Penyidik menggeledah kediaman Harvey yang berlokasi di apartemen The Pakubuwono, Jakarta Selatan, Senin (1/4/2024). Di sana, penyidik menyita dua mobil mewah, yakni satu mobil Mini Cooper S Countryman F 60 berwarna merah dan satu mobil Rolls-Royce berwarna hitam.
”Kegiatan penggeledahan dan penyitaan dilakukan oleh Tim Penyidik untuk menindaklanjuti kesesuaian hasil dari pemeriksaan/keterangan para tersangka dan saksi mengenai aliran dana yang diduga berasal dari beberapa perusahaan yang terkait dengan kegiatan tata niaga timah ilegal,” kata Kepala Pusat Penerangan Hukum kejaksaan Agung Ketut Sumedana, Selasa (2/1/2024).
Selain dua mobil mewah, dari rumah suami aktris Sandra Dewi tersebut, penyidik juga menyita barang bukti elektronik, kumpulan dokumen terkait kasus, serta sejumlah barang lainnya. Hingga saat ini, penyidik masih melakukan verifikasi terhadap keaslian barang tersebut. Ketut memastikan penyidik akan menggali fakta baru beserta barang bukti untuk mengungkap kasus tersebut.
Sebelumnya, ketika menggeledah rumah Helena Lim, tersangka lain dalam kasus Timah, di kawasan Pantai Indah Kapuk, Jakarta Utara, penyidik menyita uang sebesar Rp 10 miliar dan 2 juta dollar Singapura.

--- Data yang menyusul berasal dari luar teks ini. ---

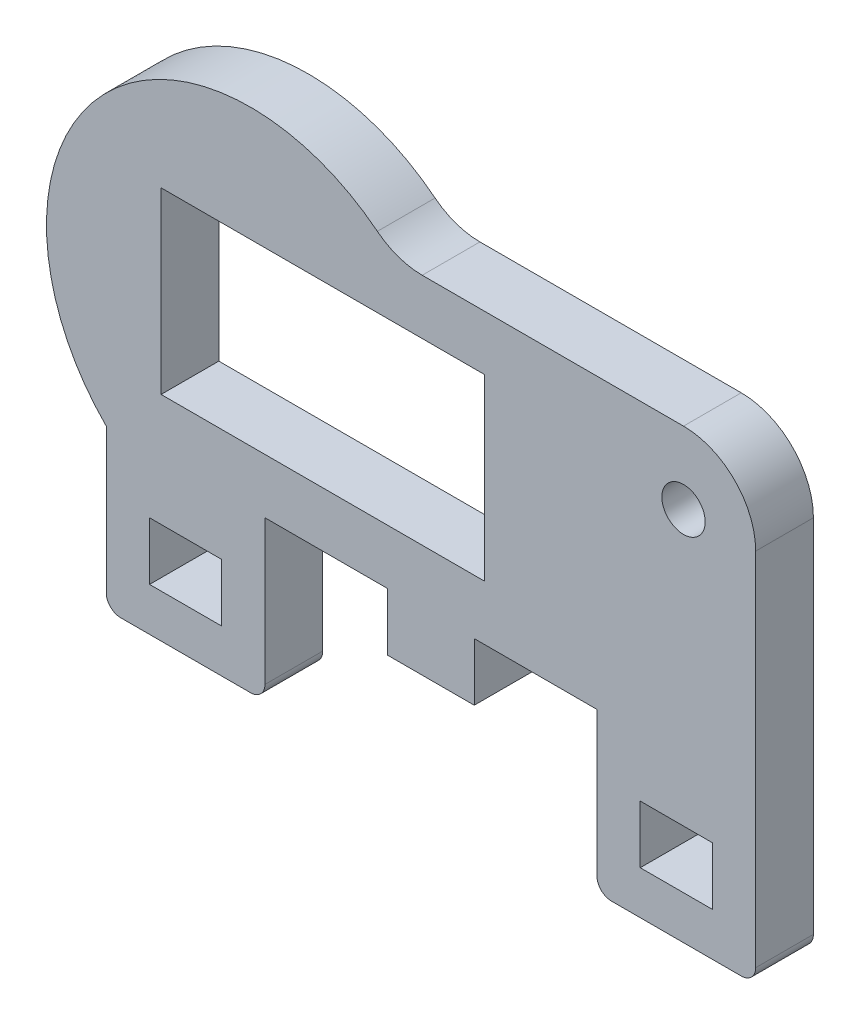
ISO-10303-21;
HEADER;
FILE_DESCRIPTION(('STEP AP214'),'2;1');
FILE_NAME('part.step','',(''),(''),'','','');
FILE_SCHEMA(('AUTOMOTIVE_DESIGN { 1 0 10303 214 1 1 1 1 }'));
ENDSEC;
DATA;
#1=APPLICATION_CONTEXT('core data for automotive mechanical design processes');
#2=APPLICATION_PROTOCOL_DEFINITION('international standard','automotive_design',2000,#1);
#3=PRODUCT_CONTEXT('',#1,'mechanical');
#4=PRODUCT('Part','Part','',(#3));
#5=PRODUCT_RELATED_PRODUCT_CATEGORY('part','',(#4));
#6=PRODUCT_DEFINITION_FORMATION('','',#4);
#7=PRODUCT_DEFINITION_CONTEXT('part definition',#1,'design');
#8=PRODUCT_DEFINITION('design','',#6,#7);
#9=PRODUCT_DEFINITION_SHAPE('','',#8);
#10=(LENGTH_UNIT() NAMED_UNIT(*) SI_UNIT(.MILLI.,.METRE.));
#11=(NAMED_UNIT(*) PLANE_ANGLE_UNIT() SI_UNIT($,.RADIAN.));
#12=(NAMED_UNIT(*) SI_UNIT($,.STERADIAN.) SOLID_ANGLE_UNIT());
#13=UNCERTAINTY_MEASURE_WITH_UNIT(LENGTH_MEASURE(1.E-05),#10,'distance_accuracy_value','');
#14=(GEOMETRIC_REPRESENTATION_CONTEXT(3) GLOBAL_UNCERTAINTY_ASSIGNED_CONTEXT((#13)) GLOBAL_UNIT_ASSIGNED_CONTEXT((#10,
#11,#12)) REPRESENTATION_CONTEXT('',''));
#15=CARTESIAN_POINT('',(0.,0.,0.));
#16=DIRECTION('',(0.,0.,1.));
#17=DIRECTION('',(1.,0.,0.));
#18=AXIS2_PLACEMENT_3D('',#15,#16,#17);
#19=CARTESIAN_POINT('',(42.,0.,4.));
#20=DIRECTION('',(-1.,0.,0.));
#21=DIRECTION('',(0.,0.,1.));
#22=AXIS2_PLACEMENT_3D('',#19,#20,#21);
#23=PLANE('',#22);
#24=DIRECTION('',(0.,1.,0.));
#25=VECTOR('',#24,1.);
#26=CARTESIAN_POINT('',(42.,0.,0.));
#27=LINE('',#26,#25);
#28=CARTESIAN_POINT('',(42.,-8.,0.));
#29=VERTEX_POINT('',#28);
#30=CARTESIAN_POINT('',(42.,-4.,0.));
#31=VERTEX_POINT('',#30);
#32=EDGE_CURVE('E392',#29,#31,#27,.T.);
#33=ORIENTED_EDGE('',*,*,#32,.F.);
#34=DIRECTION('',(0.,0.,-1.));
#35=VECTOR('',#34,1.);
#36=CARTESIAN_POINT('',(42.,-8.,4.));
#37=LINE('',#36,#35);
#38=CARTESIAN_POINT('',(42.,-8.,4.));
#39=VERTEX_POINT('',#38);
#40=EDGE_CURVE('E411',#39,#29,#37,.T.);
#41=ORIENTED_EDGE('',*,*,#40,.F.);
#42=DIRECTION('',(0.,1.,0.));
#43=VECTOR('',#42,1.);
#44=CARTESIAN_POINT('',(42.,0.,4.));
#45=LINE('',#44,#43);
#46=CARTESIAN_POINT('',(42.,-4.,4.));
#47=VERTEX_POINT('',#46);
#48=EDGE_CURVE('E320',#39,#47,#45,.T.);
#49=ORIENTED_EDGE('',*,*,#48,.T.);
#50=DIRECTION('',(0.,0.,-1.));
#51=VECTOR('',#50,1.);
#52=CARTESIAN_POINT('',(42.,-4.,4.));
#53=LINE('',#52,#51);
#54=EDGE_CURVE('E403',#47,#31,#53,.T.);
#55=ORIENTED_EDGE('',*,*,#54,.T.);
#56=EDGE_LOOP('',(#33,#41,#49,#55));
#57=FACE_BOUND('',#56,.T.);
#58=ADVANCED_FACE('F36',(#57),#23,.T.);
#59=CARTESIAN_POINT('',(0.,-8.,4.));
#60=DIRECTION('',(0.,1.,0.));
#61=DIRECTION('',(0.,0.,1.));
#62=AXIS2_PLACEMENT_3D('',#59,#60,#61);
#63=PLANE('',#62);
#64=DIRECTION('',(1.,0.,0.));
#65=VECTOR('',#64,1.);
#66=CARTESIAN_POINT('',(0.,-8.,0.));
#67=LINE('',#66,#65);
#68=CARTESIAN_POINT('',(37.,-8.,0.));
#69=VERTEX_POINT('',#68);
#70=EDGE_CURVE('E395',#69,#29,#67,.T.);
#71=ORIENTED_EDGE('',*,*,#70,.F.);
#72=DIRECTION('',(0.,0.,-1.));
#73=VECTOR('',#72,1.);
#74=CARTESIAN_POINT('',(37.,-8.,4.));
#75=LINE('',#74,#73);
#76=CARTESIAN_POINT('',(37.,-8.,4.));
#77=VERTEX_POINT('',#76);
#78=EDGE_CURVE('E409',#77,#69,#75,.T.);
#79=ORIENTED_EDGE('',*,*,#78,.F.);
#80=DIRECTION('',(1.,0.,0.));
#81=VECTOR('',#80,1.);
#82=CARTESIAN_POINT('',(0.,-8.,4.));
#83=LINE('',#82,#81);
#84=EDGE_CURVE('E323',#77,#39,#83,.T.);
#85=ORIENTED_EDGE('',*,*,#84,.T.);
#86=ORIENTED_EDGE('',*,*,#40,.T.);
#87=EDGE_LOOP('',(#71,#79,#85,#86));
#88=FACE_BOUND('',#87,.T.);
#89=ADVANCED_FACE('F576',(#88),#63,.T.);
#90=CARTESIAN_POINT('',(37.,0.,4.));
#91=DIRECTION('',(-1.,0.,0.));
#92=DIRECTION('',(0.,0.,1.));
#93=AXIS2_PLACEMENT_3D('',#90,#91,#92);
#94=PLANE('',#93);
#95=DIRECTION('',(0.,1.,0.));
#96=VECTOR('',#95,1.);
#97=CARTESIAN_POINT('',(37.,0.,0.));
#98=LINE('',#97,#96);
#99=CARTESIAN_POINT('',(37.,-4.,0.));
#100=VERTEX_POINT('',#99);
#101=EDGE_CURVE('E398',#69,#100,#98,.T.);
#102=ORIENTED_EDGE('',*,*,#101,.T.);
#103=DIRECTION('',(0.,0.,-1.));
#104=VECTOR('',#103,1.);
#105=CARTESIAN_POINT('',(37.,-4.,4.));
#106=LINE('',#105,#104);
#107=CARTESIAN_POINT('',(37.,-4.,4.));
#108=VERTEX_POINT('',#107);
#109=EDGE_CURVE('E405',#108,#100,#106,.T.);
#110=ORIENTED_EDGE('',*,*,#109,.F.);
#111=DIRECTION('',(0.,1.,0.));
#112=VECTOR('',#111,1.);
#113=CARTESIAN_POINT('',(37.,0.,4.));
#114=LINE('',#113,#112);
#115=EDGE_CURVE('E326',#77,#108,#114,.T.);
#116=ORIENTED_EDGE('',*,*,#115,.F.);
#117=ORIENTED_EDGE('',*,*,#78,.T.);
#118=EDGE_LOOP('',(#102,#110,#116,#117));
#119=FACE_BOUND('',#118,.T.);
#120=ADVANCED_FACE('F582',(#119),#94,.F.);
#121=CARTESIAN_POINT('',(0.,16.2,4.));
#122=DIRECTION('',(0.,1.,0.));
#123=DIRECTION('',(-1.,0.,0.));
#124=AXIS2_PLACEMENT_3D('',#121,#122,#123);
#125=PLANE('',#124);
#126=DIRECTION('',(1.,0.,0.));
#127=VECTOR('',#126,1.);
#128=CARTESIAN_POINT('',(0.,16.2,0.));
#129=LINE('',#128,#127);
#130=CARTESIAN_POINT('',(3.8,16.2,0.));
#131=VERTEX_POINT('',#130);
#132=CARTESIAN_POINT('',(26.22,16.2,0.));
#133=VERTEX_POINT('',#132);
#134=EDGE_CURVE('E377',#131,#133,#129,.T.);
#135=ORIENTED_EDGE('',*,*,#134,.T.);
#136=DIRECTION('',(0.,0.,-1.));
#137=VECTOR('',#136,1.);
#138=CARTESIAN_POINT('',(26.22,16.2,4.));
#139=LINE('',#138,#137);
#140=CARTESIAN_POINT('',(26.22,16.2,4.));
#141=VERTEX_POINT('',#140);
#142=EDGE_CURVE('E406',#141,#133,#139,.T.);
#143=ORIENTED_EDGE('',*,*,#142,.F.);
#144=DIRECTION('',(1.,0.,0.));
#145=VECTOR('',#144,1.);
#146=CARTESIAN_POINT('',(0.,16.2,4.));
#147=LINE('',#146,#145);
#148=CARTESIAN_POINT('',(3.8,16.2,4.));
#149=VERTEX_POINT('',#148);
#150=EDGE_CURVE('E306',#149,#141,#147,.T.);
#151=ORIENTED_EDGE('',*,*,#150,.F.);
#152=DIRECTION('',(0.,0.,-1.));
#153=VECTOR('',#152,1.);
#154=CARTESIAN_POINT('',(3.8,16.2,4.));
#155=LINE('',#154,#153);
#156=EDGE_CURVE('E414',#149,#131,#155,.T.);
#157=ORIENTED_EDGE('',*,*,#156,.T.);
#158=EDGE_LOOP('',(#135,#143,#151,#157));
#159=FACE_BOUND('',#158,.T.);
#160=ADVANCED_FACE('F604',(#159),#125,.F.);
#161=CARTESIAN_POINT('',(26.22,0.,4.));
#162=DIRECTION('',(1.,0.,0.));
#163=DIRECTION('',(0.,1.,0.));
#164=AXIS2_PLACEMENT_3D('',#161,#162,#163);
#165=PLANE('',#164);
#166=DIRECTION('',(0.,-1.,0.));
#167=VECTOR('',#166,1.);
#168=CARTESIAN_POINT('',(26.22,0.,0.));
#169=LINE('',#168,#167);
#170=CARTESIAN_POINT('',(26.22,3.8,0.));
#171=VERTEX_POINT('',#170);
#172=EDGE_CURVE('E380',#133,#171,#169,.T.);
#173=ORIENTED_EDGE('',*,*,#172,.T.);
#174=DIRECTION('',(0.,0.,-1.));
#175=VECTOR('',#174,1.);
#176=CARTESIAN_POINT('',(26.22,3.8,4.));
#177=LINE('',#176,#175);
#178=CARTESIAN_POINT('',(26.22,3.8,4.));
#179=VERTEX_POINT('',#178);
#180=EDGE_CURVE('E419',#179,#171,#177,.T.);
#181=ORIENTED_EDGE('',*,*,#180,.F.);
#182=DIRECTION('',(0.,-1.,0.));
#183=VECTOR('',#182,1.);
#184=CARTESIAN_POINT('',(26.22,0.,4.));
#185=LINE('',#184,#183);
#186=EDGE_CURVE('E309',#141,#179,#185,.T.);
#187=ORIENTED_EDGE('',*,*,#186,.F.);
#188=ORIENTED_EDGE('',*,*,#142,.T.);
#189=EDGE_LOOP('',(#173,#181,#187,#188));
#190=FACE_BOUND('',#189,.T.);
#191=ADVANCED_FACE('F600',(#190),#165,.F.);
#192=CARTESIAN_POINT('',(0.,3.8,4.));
#193=DIRECTION('',(0.,1.,0.));
#194=DIRECTION('',(0.,0.,1.));
#195=AXIS2_PLACEMENT_3D('',#192,#193,#194);
#196=PLANE('',#195);
#197=DIRECTION('',(1.,0.,0.));
#198=VECTOR('',#197,1.);
#199=CARTESIAN_POINT('',(0.,3.8,0.));
#200=LINE('',#199,#198);
#201=CARTESIAN_POINT('',(3.8,3.8,0.));
#202=VERTEX_POINT('',#201);
#203=EDGE_CURVE('E383',#202,#171,#200,.T.);
#204=ORIENTED_EDGE('',*,*,#203,.F.);
#205=DIRECTION('',(0.,0.,-1.));
#206=VECTOR('',#205,1.);
#207=CARTESIAN_POINT('',(3.8,3.8,4.));
#208=LINE('',#207,#206);
#209=CARTESIAN_POINT('',(3.8,3.8,4.));
#210=VERTEX_POINT('',#209);
#211=EDGE_CURVE('E416',#210,#202,#208,.T.);
#212=ORIENTED_EDGE('',*,*,#211,.F.);
#213=DIRECTION('',(1.,0.,0.));
#214=VECTOR('',#213,1.);
#215=CARTESIAN_POINT('',(0.,3.8,4.));
#216=LINE('',#215,#214);
#217=EDGE_CURVE('E311',#210,#179,#216,.T.);
#218=ORIENTED_EDGE('',*,*,#217,.T.);
#219=ORIENTED_EDGE('',*,*,#180,.T.);
#220=EDGE_LOOP('',(#204,#212,#218,#219));
#221=FACE_BOUND('',#220,.T.);
#222=ADVANCED_FACE('F597',(#221),#196,.T.);
#223=CARTESIAN_POINT('',(0.,20.,4.));
#224=DIRECTION('',(0.,1.,0.));
#225=DIRECTION('',(0.,0.,1.));
#226=AXIS2_PLACEMENT_3D('',#223,#224,#225);
#227=PLANE('',#226);
#228=DIRECTION('',(1.,0.,0.));
#229=VECTOR('',#228,1.);
#230=CARTESIAN_POINT('',(0.,20.,4.));
#231=LINE('',#230,#229);
#232=CARTESIAN_POINT('',(21.8920711500272,20.,4.));
#233=VERTEX_POINT('',#232);
#234=CARTESIAN_POINT('',(40.,20.,4.));
#235=VERTEX_POINT('',#234);
#236=EDGE_CURVE('E270',#233,#235,#231,.T.);
#237=ORIENTED_EDGE('',*,*,#236,.T.);
#238=DIRECTION('',(0.,0.,-1.));
#239=VECTOR('',#238,1.);
#240=CARTESIAN_POINT('',(40.,20.,4.));
#241=LINE('',#240,#239);
#242=CARTESIAN_POINT('',(40.,20.,0.));
#243=VERTEX_POINT('',#242);
#244=EDGE_CURVE('E479',#235,#243,#241,.T.);
#245=ORIENTED_EDGE('',*,*,#244,.T.);
#246=DIRECTION('',(1.,0.,0.));
#247=VECTOR('',#246,1.);
#248=CARTESIAN_POINT('',(0.,20.,0.));
#249=LINE('',#248,#247);
#250=CARTESIAN_POINT('',(21.8920711500272,20.,0.));
#251=VERTEX_POINT('',#250);
#252=EDGE_CURVE('E340',#251,#243,#249,.T.);
#253=ORIENTED_EDGE('',*,*,#252,.F.);
#254=DIRECTION('',(0.,0.,-1.));
#255=VECTOR('',#254,1.);
#256=CARTESIAN_POINT('',(21.8920711500272,20.,4.));
#257=LINE('',#256,#255);
#258=EDGE_CURVE('E477',#251,#233,#257,.F.);
#259=ORIENTED_EDGE('',*,*,#258,.T.);
#260=EDGE_LOOP('',(#237,#245,#253,#259));
#261=FACE_BOUND('',#260,.T.);
#262=ADVANCED_FACE('F499',(#261),#227,.T.);
#263=CARTESIAN_POINT('',(10.,10.,4.));
#264=DIRECTION('',(0.,0.,-1.));
#265=DIRECTION('',(-1.,0.,0.));
#266=AXIS2_PLACEMENT_3D('',#263,#264,#265);
#267=CYLINDRICAL_SURFACE('',#266,14.142135623731);
#268=CARTESIAN_POINT('',(10.,10.,4.));
#269=DIRECTION('',(0.,0.,1.));
#270=DIRECTION('',(1.,0.,0.));
#271=AXIS2_PLACEMENT_3D('',#268,#269,#270);
#272=CIRCLE('',#271,14.142135623731);
#273=CARTESIAN_POINT('',(18.7858160842956,21.0819418755439,4.));
#274=VERTEX_POINT('',#273);
#275=CARTESIAN_POINT('',(0.,0.,4.));
#276=VERTEX_POINT('',#275);
#277=EDGE_CURVE('E273',#274,#276,#272,.T.);
#278=ORIENTED_EDGE('',*,*,#277,.F.);
#279=DIRECTION('',(0.,0.,-1.));
#280=VECTOR('',#279,1.);
#281=CARTESIAN_POINT('',(18.7858160842956,21.0819418755439,4.));
#282=LINE('',#281,#280);
#283=CARTESIAN_POINT('',(18.7858160842956,21.0819418755439,0.));
#284=VERTEX_POINT('',#283);
#285=EDGE_CURVE('E487',#274,#284,#282,.T.);
#286=ORIENTED_EDGE('',*,*,#285,.T.);
#287=CARTESIAN_POINT('',(10.,10.,0.));
#288=DIRECTION('',(0.,0.,1.));
#289=DIRECTION('',(1.,0.,0.));
#290=AXIS2_PLACEMENT_3D('',#287,#288,#289);
#291=CIRCLE('',#290,14.142135623731);
#292=CARTESIAN_POINT('',(0.,0.,0.));
#293=VERTEX_POINT('',#292);
#294=EDGE_CURVE('E343',#284,#293,#291,.T.);
#295=ORIENTED_EDGE('',*,*,#294,.T.);
#296=DIRECTION('',(0.,0.,-1.));
#297=VECTOR('',#296,1.);
#298=CARTESIAN_POINT('',(0.,0.,4.));
#299=LINE('',#298,#297);
#300=EDGE_CURVE('E417',#276,#293,#299,.T.);
#301=ORIENTED_EDGE('',*,*,#300,.F.);
#302=EDGE_LOOP('',(#278,#286,#295,#301));
#303=FACE_BOUND('',#302,.T.);
#304=ADVANCED_FACE('F502',(#303),#267,.T.);
#305=CARTESIAN_POINT('',(0.,0.,4.));
#306=DIRECTION('',(1.,0.,0.));
#307=DIRECTION('',(0.,1.,0.));
#308=AXIS2_PLACEMENT_3D('',#305,#306,#307);
#309=PLANE('',#308);
#310=DIRECTION('',(0.,-1.,0.));
#311=VECTOR('',#310,1.);
#312=CARTESIAN_POINT('',(0.,0.,0.));
#313=LINE('',#312,#311);
#314=CARTESIAN_POINT('',(0.,-10.,0.));
#315=VERTEX_POINT('',#314);
#316=EDGE_CURVE('E345',#293,#315,#313,.T.);
#317=ORIENTED_EDGE('',*,*,#316,.T.);
#318=DIRECTION('',(0.,0.,-1.));
#319=VECTOR('',#318,1.);
#320=CARTESIAN_POINT('',(0.,-10.,4.));
#321=LINE('',#320,#319);
#322=CARTESIAN_POINT('',(0.,-10.,4.));
#323=VERTEX_POINT('',#322);
#324=EDGE_CURVE('E472',#315,#323,#321,.F.);
#325=ORIENTED_EDGE('',*,*,#324,.T.);
#326=DIRECTION('',(0.,-1.,0.));
#327=VECTOR('',#326,1.);
#328=CARTESIAN_POINT('',(0.,0.,4.));
#329=LINE('',#328,#327);
#330=EDGE_CURVE('E275',#276,#323,#329,.T.);
#331=ORIENTED_EDGE('',*,*,#330,.F.);
#332=ORIENTED_EDGE('',*,*,#300,.T.);
#333=EDGE_LOOP('',(#317,#325,#331,#332));
#334=FACE_BOUND('',#333,.T.);
#335=ADVANCED_FACE('F508',(#334),#309,.F.);
#336=CARTESIAN_POINT('',(0.,-11.,4.));
#337=DIRECTION('',(0.,1.,0.));
#338=DIRECTION('',(-1.,0.,0.));
#339=AXIS2_PLACEMENT_3D('',#336,#337,#338);
#340=PLANE('',#339);
#341=DIRECTION('',(1.,0.,0.));
#342=VECTOR('',#341,1.);
#343=CARTESIAN_POINT('',(0.,-11.,4.));
#344=LINE('',#343,#342);
#345=CARTESIAN_POINT('',(1.,-11.,4.));
#346=VERTEX_POINT('',#345);
#347=CARTESIAN_POINT('',(10.,-11.,4.));
#348=VERTEX_POINT('',#347);
#349=EDGE_CURVE('E278',#346,#348,#344,.T.);
#350=ORIENTED_EDGE('',*,*,#349,.F.);
#351=DIRECTION('',(0.,0.,-1.));
#352=VECTOR('',#351,1.);
#353=CARTESIAN_POINT('',(1.,-11.,4.));
#354=LINE('',#353,#352);
#355=CARTESIAN_POINT('',(1.,-11.,0.));
#356=VERTEX_POINT('',#355);
#357=EDGE_CURVE('E469',#346,#356,#354,.T.);
#358=ORIENTED_EDGE('',*,*,#357,.T.);
#359=DIRECTION('',(1.,0.,0.));
#360=VECTOR('',#359,1.);
#361=CARTESIAN_POINT('',(0.,-11.,0.));
#362=LINE('',#361,#360);
#363=CARTESIAN_POINT('',(10.,-11.,0.));
#364=VERTEX_POINT('',#363);
#365=EDGE_CURVE('E348',#356,#364,#362,.T.);
#366=ORIENTED_EDGE('',*,*,#365,.T.);
#367=DIRECTION('',(0.,0.,-1.));
#368=VECTOR('',#367,1.);
#369=CARTESIAN_POINT('',(10.,-11.,4.));
#370=LINE('',#369,#368);
#371=EDGE_CURVE('E467',#364,#348,#370,.F.);
#372=ORIENTED_EDGE('',*,*,#371,.T.);
#373=EDGE_LOOP('',(#350,#358,#366,#372));
#374=FACE_BOUND('',#373,.T.);
#375=ADVANCED_FACE('F516',(#374),#340,.F.);
#376=CARTESIAN_POINT('',(11.,0.,4.));
#377=DIRECTION('',(1.,0.,0.));
#378=DIRECTION('',(0.,1.,0.));
#379=AXIS2_PLACEMENT_3D('',#376,#377,#378);
#380=PLANE('',#379);
#381=DIRECTION('',(0.,-1.,0.));
#382=VECTOR('',#381,1.);
#383=CARTESIAN_POINT('',(11.,0.,4.));
#384=LINE('',#383,#382);
#385=CARTESIAN_POINT('',(11.,0.,4.));
#386=VERTEX_POINT('',#385);
#387=CARTESIAN_POINT('',(11.,-9.99999999999999,4.));
#388=VERTEX_POINT('',#387);
#389=EDGE_CURVE('E281',#386,#388,#384,.T.);
#390=ORIENTED_EDGE('',*,*,#389,.T.);
#391=DIRECTION('',(0.,0.,-1.));
#392=VECTOR('',#391,1.);
#393=CARTESIAN_POINT('',(11.,-9.99999999999999,0.));
#394=LINE('',#393,#392);
#395=CARTESIAN_POINT('',(11.,-9.99999999999999,0.));
#396=VERTEX_POINT('',#395);
#397=EDGE_CURVE('E474',#388,#396,#394,.T.);
#398=ORIENTED_EDGE('',*,*,#397,.T.);
#399=DIRECTION('',(0.,-1.,0.));
#400=VECTOR('',#399,1.);
#401=CARTESIAN_POINT('',(11.,0.,0.));
#402=LINE('',#401,#400);
#403=CARTESIAN_POINT('',(11.,0.,0.));
#404=VERTEX_POINT('',#403);
#405=EDGE_CURVE('E351',#404,#396,#402,.T.);
#406=ORIENTED_EDGE('',*,*,#405,.F.);
#407=DIRECTION('',(0.,0.,-1.));
#408=VECTOR('',#407,1.);
#409=CARTESIAN_POINT('',(11.,0.,4.));
#410=LINE('',#409,#408);
#411=EDGE_CURVE('E433',#386,#404,#410,.T.);
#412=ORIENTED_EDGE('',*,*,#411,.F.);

Selaku perpanjangan tangan PT Refined Bangka Tin, Harvey Moeis diduga telah mengumpulkan uang dari beberapa perusahaan yang ikut dalam kegiatan penambangan ilegal. Uang itu dikelola melalui perusahaan tempat Helena Lim bekerja, PT Quantum Skyline Exchange, dengan dalih dana tanggung jawab sosial perusahaan (CSR).
Direktur Penyidikan Jaksa Agung Muda Tindak Pidana Khusus Kejagung Kuntadi mengungkapkan, dalam mendalami setiap perkara korupsi, penyidik Kejagung juga selalu menelisik kemungkinan adanya tindak pidana pencucian uang. Hal itu disebutnya sudah menjadi prosedur tetap penyidik Kejagung.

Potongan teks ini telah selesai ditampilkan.